One of my visits was on a Thursday, seafood night. Any fish or shellfish entree from the regular menu was offered with a choice of soup or salad for $20.95. We tried halibut in a crunchy black olive crust that was flaky and fine. The entree, which on other nights is $22.95, was full size, as was the salad, a tricolor that usually costs $6.95. Unfortunately, the salad did not have the advertised citrus vinaigrette, arriving with what tasted like a too-sweet raspberry dressing.
À la carte openers that scored were plump mussels in white wine; a refreshing tomato, red onion and cucumber salad; and a portobello salad, with chunks of mushroom, cubes of smoked mozzarella and roasted red peppers nestled among the greens.
Dessert was the best course. A house-made tiramisù blessed with thick layers of creamy mascarpone was a standout. It shared the stage with three high-quality sweets made elsewhere: a creamy cheesecake glazed with Belgian chocolate, a chocolate mousse cake with alternating stripes of cake and mousse and a caramel glazed white cake with a thick layer of white mousse filling and a base of lesser amounts of chocolate mousse and chocolate cake.
Trobiano's deserves a try whether it is bargain night or not.
Trobiano's
218 Middle Neck Road, Great Neck
(516) 466-4100
Very Good
ATMOSPHERE White tablecloths, Italian scenes in a storefront.

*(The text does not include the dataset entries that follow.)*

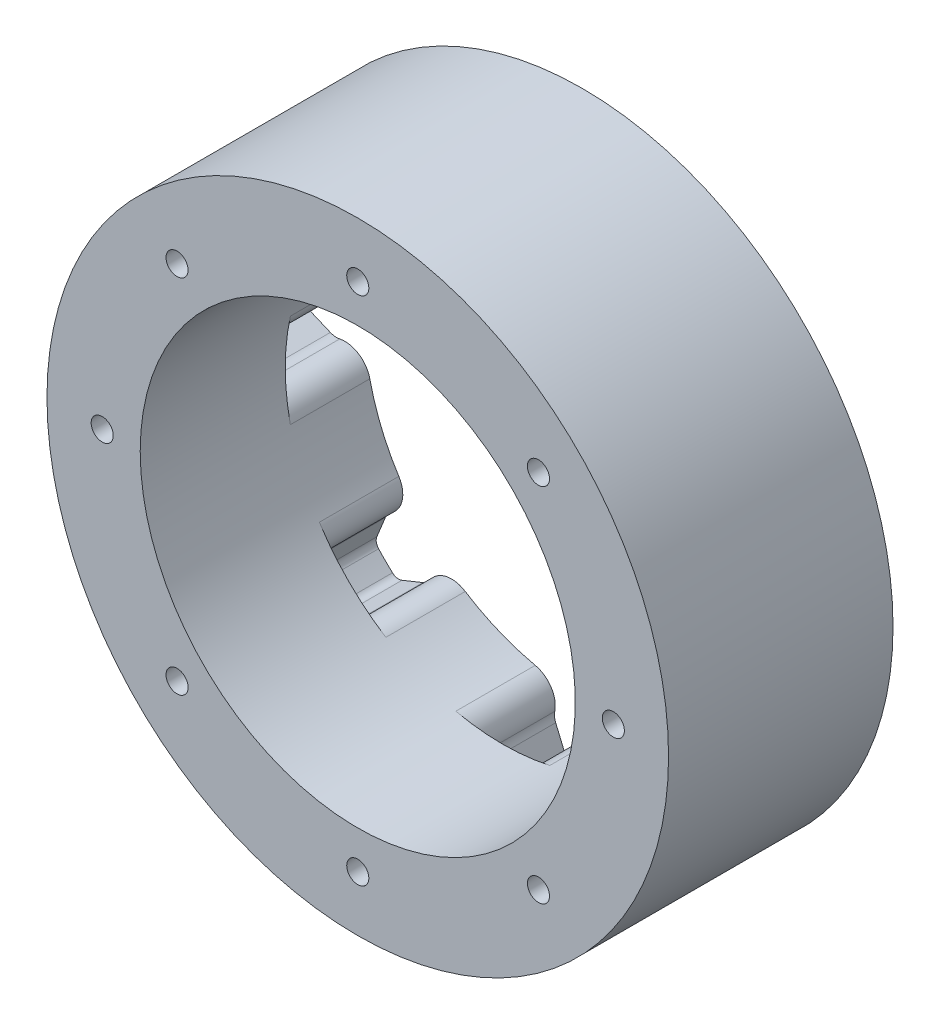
ISO-10303-21;
HEADER;
FILE_DESCRIPTION(('STEP AP214'),'2;1');
FILE_NAME('part.step','',(''),(''),'','','');
FILE_SCHEMA(('AUTOMOTIVE_DESIGN { 1 0 10303 214 1 1 1 1 }'));
ENDSEC;
DATA;
#1=APPLICATION_CONTEXT('core data for automotive mechanical design processes');
#2=APPLICATION_PROTOCOL_DEFINITION('international standard','automotive_design',2000,#1);
#3=PRODUCT_CONTEXT('',#1,'mechanical');
#4=PRODUCT('Part','Part','',(#3));
#5=PRODUCT_RELATED_PRODUCT_CATEGORY('part','',(#4));
#6=PRODUCT_DEFINITION_FORMATION('','',#4);
#7=PRODUCT_DEFINITION_CONTEXT('part definition',#1,'design');
#8=PRODUCT_DEFINITION('design','',#6,#7);
#9=PRODUCT_DEFINITION_SHAPE('','',#8);
#10=(LENGTH_UNIT() NAMED_UNIT(*) SI_UNIT(.MILLI.,.METRE.));
#11=(NAMED_UNIT(*) PLANE_ANGLE_UNIT() SI_UNIT($,.RADIAN.));
#12=(NAMED_UNIT(*) SI_UNIT($,.STERADIAN.) SOLID_ANGLE_UNIT());
#13=UNCERTAINTY_MEASURE_WITH_UNIT(LENGTH_MEASURE(1.E-05),#10,'distance_accuracy_value','');
#14=(GEOMETRIC_REPRESENTATION_CONTEXT(3) GLOBAL_UNCERTAINTY_ASSIGNED_CONTEXT((#13)) GLOBAL_UNIT_ASSIGNED_CONTEXT((#10,
#11,#12)) REPRESENTATION_CONTEXT('',''));
#15=CARTESIAN_POINT('',(0.,0.,0.));
#16=DIRECTION('',(0.,0.,1.));
#17=DIRECTION('',(1.,0.,0.));
#18=AXIS2_PLACEMENT_3D('',#15,#16,#17);
#19=CARTESIAN_POINT('',(0.,0.,-16.25));
#20=DIRECTION('',(0.,0.,1.));
#21=DIRECTION('',(1.,0.,0.));
#22=AXIS2_PLACEMENT_3D('',#19,#20,#21);
#23=PLANE('',#22);
#24=CARTESIAN_POINT('',(0.,0.,-16.25));
#25=DIRECTION('',(0.,0.,1.));
#26=DIRECTION('',(1.,0.,0.));
#27=AXIS2_PLACEMENT_3D('',#24,#25,#26);
#28=CIRCLE('',#27,45.);
#29=CARTESIAN_POINT('',(45.,0.,-16.25));
#30=VERTEX_POINT('',#29);
#31=EDGE_CURVE('E47',#30,#30,#28,.T.);
#32=ORIENTED_EDGE('',*,*,#31,.F.);
#33=EDGE_LOOP('',(#32));
#34=FACE_BOUND('',#33,.T.);
#35=CARTESIAN_POINT('',(0.,0.,-16.25));
#36=DIRECTION('',(0.,0.,-1.));
#37=DIRECTION('',(-1.,0.,0.));
#38=AXIS2_PLACEMENT_3D('',#35,#36,#37);
#39=CIRCLE('',#38,31.5);
#40=CARTESIAN_POINT('',(-30.7562122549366,6.80480769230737,-16.25));
#41=VERTEX_POINT('',#40);
#42=CARTESIAN_POINT('',(-26.5596519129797,16.9362005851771,-16.25));
#43=VERTEX_POINT('',#42);
#44=EDGE_CURVE('E544',#41,#43,#39,.T.);
#45=ORIENTED_EDGE('',*,*,#44,.F.);
#46=CARTESIAN_POINT('',(-34.3688467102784,7.60410256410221,-16.25));
#47=DIRECTION('',(0.,0.,1.));
#48=DIRECTION('',(0.,-1.,0.));
#49=AXIS2_PLACEMENT_3D('',#46,#47,#48);
#50=CIRCLE('',#49,3.7);
#51=CARTESIAN_POINT('',(-35.1122776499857,3.97955977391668,-16.25));
#52=VERTEX_POINT('',#51);
#53=EDGE_CURVE('E562',#52,#41,#50,.T.);
#54=ORIENTED_EDGE('',*,*,#53,.F.);
#55=CARTESIAN_POINT('',(-35.5744103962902,1.72646560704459,-16.25));
#56=DIRECTION('',(0.,0.,-1.));
#57=DIRECTION('',(0.,1.,0.));
#58=AXIS2_PLACEMENT_3D('',#55,#56,#57);
#59=CIRCLE('',#58,2.3);
#60=CARTESIAN_POINT('',(-36.469685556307,3.84506948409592,-16.25));
#61=VERTEX_POINT('',#60);
#62=EDGE_CURVE('E573',#61,#52,#59,.T.);
#63=ORIENTED_EDGE('',*,*,#62,.F.);
#64=DIRECTION('',(0.921132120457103,0.389250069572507,0.));
#65=VECTOR('',#64,1.);
#66=CARTESIAN_POINT('',(-39.4817875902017,2.57222175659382,-16.25));
#67=LINE('',#66,#65);
#68=CARTESIAN_POINT('',(-39.4817875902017,2.57222175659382,-16.25));
#69=VERTEX_POINT('',#68);
#70=EDGE_CURVE('E583',#69,#61,#67,.T.);
#71=ORIENTED_EDGE('',*,*,#70,.F.);
#72=CARTESIAN_POINT('',(-38.9757624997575,1.37474999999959,-16.25));
#73=DIRECTION('',(0.,0.,-1.));
#74=DIRECTION('',(0.,1.,0.));
#75=AXIS2_PLACEMENT_3D('',#72,#73,#74);
#76=CIRCLE('',#75,1.3);
#77=CARTESIAN_POINT('',(-40.2749545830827,1.42057499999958,-16.25));
#78=VERTEX_POINT('',#77);
#79=EDGE_CURVE('E2296',#78,#69,#76,.T.);
#80=ORIENTED_EDGE('',*,*,#79,.F.);
#81=CARTESIAN_POINT('',(0.,0.,-16.25));
#82=DIRECTION('',(0.,0.,-1.));
#83=DIRECTION('',(0.,1.,0.));
#84=AXIS2_PLACEMENT_3D('',#81,#82,#83);
#85=CIRCLE('',#84,40.3);
#86=CARTESIAN_POINT('',(-40.2749545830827,-1.42057500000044,-16.25));
#87=VERTEX_POINT('',#86);
#88=EDGE_CURVE('E2295',#87,#78,#85,.T.);
#89=ORIENTED_EDGE('',*,*,#88,.F.);
#90=CARTESIAN_POINT('',(-38.9757624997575,-1.37475000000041,-16.25));
#91=DIRECTION('',(0.,0.,-1.));
#92=DIRECTION('',(0.,-1.,0.));
#93=AXIS2_PLACEMENT_3D('',#90,#91,#92);
#94=CIRCLE('',#93,1.3);
#95=CARTESIAN_POINT('',(-39.4817875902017,-2.57222175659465,-16.25));
#96=VERTEX_POINT('',#95);
#97=EDGE_CURVE('E2286',#96,#87,#94,.T.);
#98=ORIENTED_EDGE('',*,*,#97,.F.);
#99=DIRECTION('',(-0.921132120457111,0.389250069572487,0.));
#100=VECTOR('',#99,1.);
#101=CARTESIAN_POINT('',(-39.4817875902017,-2.57222175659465,-16.25));
#102=LINE('',#101,#100);
#103=CARTESIAN_POINT('',(-36.4696855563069,-3.84506948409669,-16.25));
#104=VERTEX_POINT('',#103);
#105=EDGE_CURVE('E2281',#104,#96,#102,.T.);
#106=ORIENTED_EDGE('',*,*,#105,.F.);
#107=CARTESIAN_POINT('',(-35.5744103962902,-1.72646560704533,-16.25));
#108=DIRECTION('',(0.,0.,-1.));
#109=DIRECTION('',(0.,-1.,0.));
#110=AXIS2_PLACEMENT_3D('',#107,#108,#109);
#111=CIRCLE('',#110,2.3);
#112=CARTESIAN_POINT('',(-35.1122776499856,-3.97955977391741,-16.25));
#113=VERTEX_POINT('',#112);
#114=EDGE_CURVE('E691',#113,#104,#111,.T.);
#115=ORIENTED_EDGE('',*,*,#114,.F.);
#116=CARTESIAN_POINT('',(-34.3688467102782,-7.60410256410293,-16.25));
#117=DIRECTION('',(0.,0.,1.));
#118=DIRECTION('',(0.,1.,0.));
#119=AXIS2_PLACEMENT_3D('',#116,#117,#118);
#120=CIRCLE('',#119,3.7);
#121=CARTESIAN_POINT('',(-30.7562122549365,-6.80480769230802,-16.25));
#122=VERTEX_POINT('',#121);
#123=EDGE_CURVE('E574',#122,#113,#120,.T.);
#124=ORIENTED_EDGE('',*,*,#123,.F.);
#125=CARTESIAN_POINT('',(-26.5596519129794,-16.9362005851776,-16.25));
#126=VERTEX_POINT('',#125);
#127=EDGE_CURVE('E569',#126,#122,#39,.T.);
#128=ORIENTED_EDGE('',*,*,#127,.F.);
#129=CARTESIAN_POINT('',(-29.6793570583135,-18.9255320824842,-16.25));
#130=DIRECTION('',(0.,0.,1.));
#131=DIRECTION('',(0.707106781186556,-0.707106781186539,0.));
#132=AXIS2_PLACEMENT_3D('',#129,#130,#131);
#133=CIRCLE('',#132,3.7);
#134=CARTESIAN_POINT('',(-27.6421033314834,-22.0141559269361,-16.25));
#135=VERTEX_POINT('',#134);
#136=EDGE_CURVE('E684',#135,#126,#133,.T.);
#137=ORIENTED_EDGE('',*,*,#136,.F.);
#138=CARTESIAN_POINT('',(-26.3757023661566,-23.9341112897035,-16.25));
#139=DIRECTION('',(0.,0.,-1.));
#140=DIRECTION('',(-0.707106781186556,0.707106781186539,0.));
#141=AXIS2_PLACEMENT_3D('',#138,#139,#140);
#142=CIRCLE('',#141,2.3);
#143=CARTESIAN_POINT('',(-28.5068366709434,-23.0690872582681,-16.25));
#144=VERTEX_POINT('',#143);
#145=EDGE_CURVE('E679',#144,#135,#142,.T.);
#146=ORIENTED_EDGE('',*,*,#145,.F.);
#147=DIRECTION('',(0.376097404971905,0.926580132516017,0.));
#148=VECTOR('',#147,1.);
#149=CARTESIAN_POINT('',(-29.7366751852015,-26.0990042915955,-16.25));
#150=LINE('',#149,#148);
#151=CARTESIAN_POINT('',(-29.7366751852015,-26.0990042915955,-16.25));
#152=VERTEX_POINT('',#151);
#153=EDGE_CURVE('E673',#152,#144,#150,.T.);
#154=ORIENTED_EDGE('',*,*,#153,.F.);
#155=CARTESIAN_POINT('',(-28.5321210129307,-26.587930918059,-16.25));
#156=DIRECTION('',(0.,0.,-1.));
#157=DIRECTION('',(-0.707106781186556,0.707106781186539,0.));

SERVICE Confused and inattentive.
SOUND LEVEL Pleasant.
RECOMMENDED DISHES Caesar salad, mussels, portobello salad, tomatoes-red onion-cucumber salad, chicken Trobiano, chicken-wrapped shrimp, veal parmigiana, veal saltimbocca, osso buco, black olive halibut, grilled shrimp skewers, grilled stuffed pork chop, all desserts.
WINE LIST A short, reasonable list of 25 still wines ($19 to $75), two-thirds of them under $30.
PRICE RANGE Lunch entrees, $9.50 to $14.95. At dinner, appetizers, $5.95 to $10.95; pastas, $13.95 to $18.95; entrees, $15.95 to $26.95.
CREDIT CARDS All major cards.
HOURS Lunch 11:30 a.m. to 2:30 p.m. Tuesday to Friday. Dinner 4:30 to 10 p.m. Tuesday to Friday, 5 to 11 p.m. Saturday and 4:30 to 9 p.m. Sunday. Closed Monday.
RESERVATIONS Suggested.
WHEELCHAIR ACCESSIBILITY Fully accessible.
REVIEWED BY THE TIMES March 12, 2006.
RATINGS Extraordinary, Excellent, Very Good, Good, Satisfactory, Fair, Poor. Ratings reflect the reviewer's reaction to food, ambience and service, with price taken into consideration. Menu listings and prices are subject to change.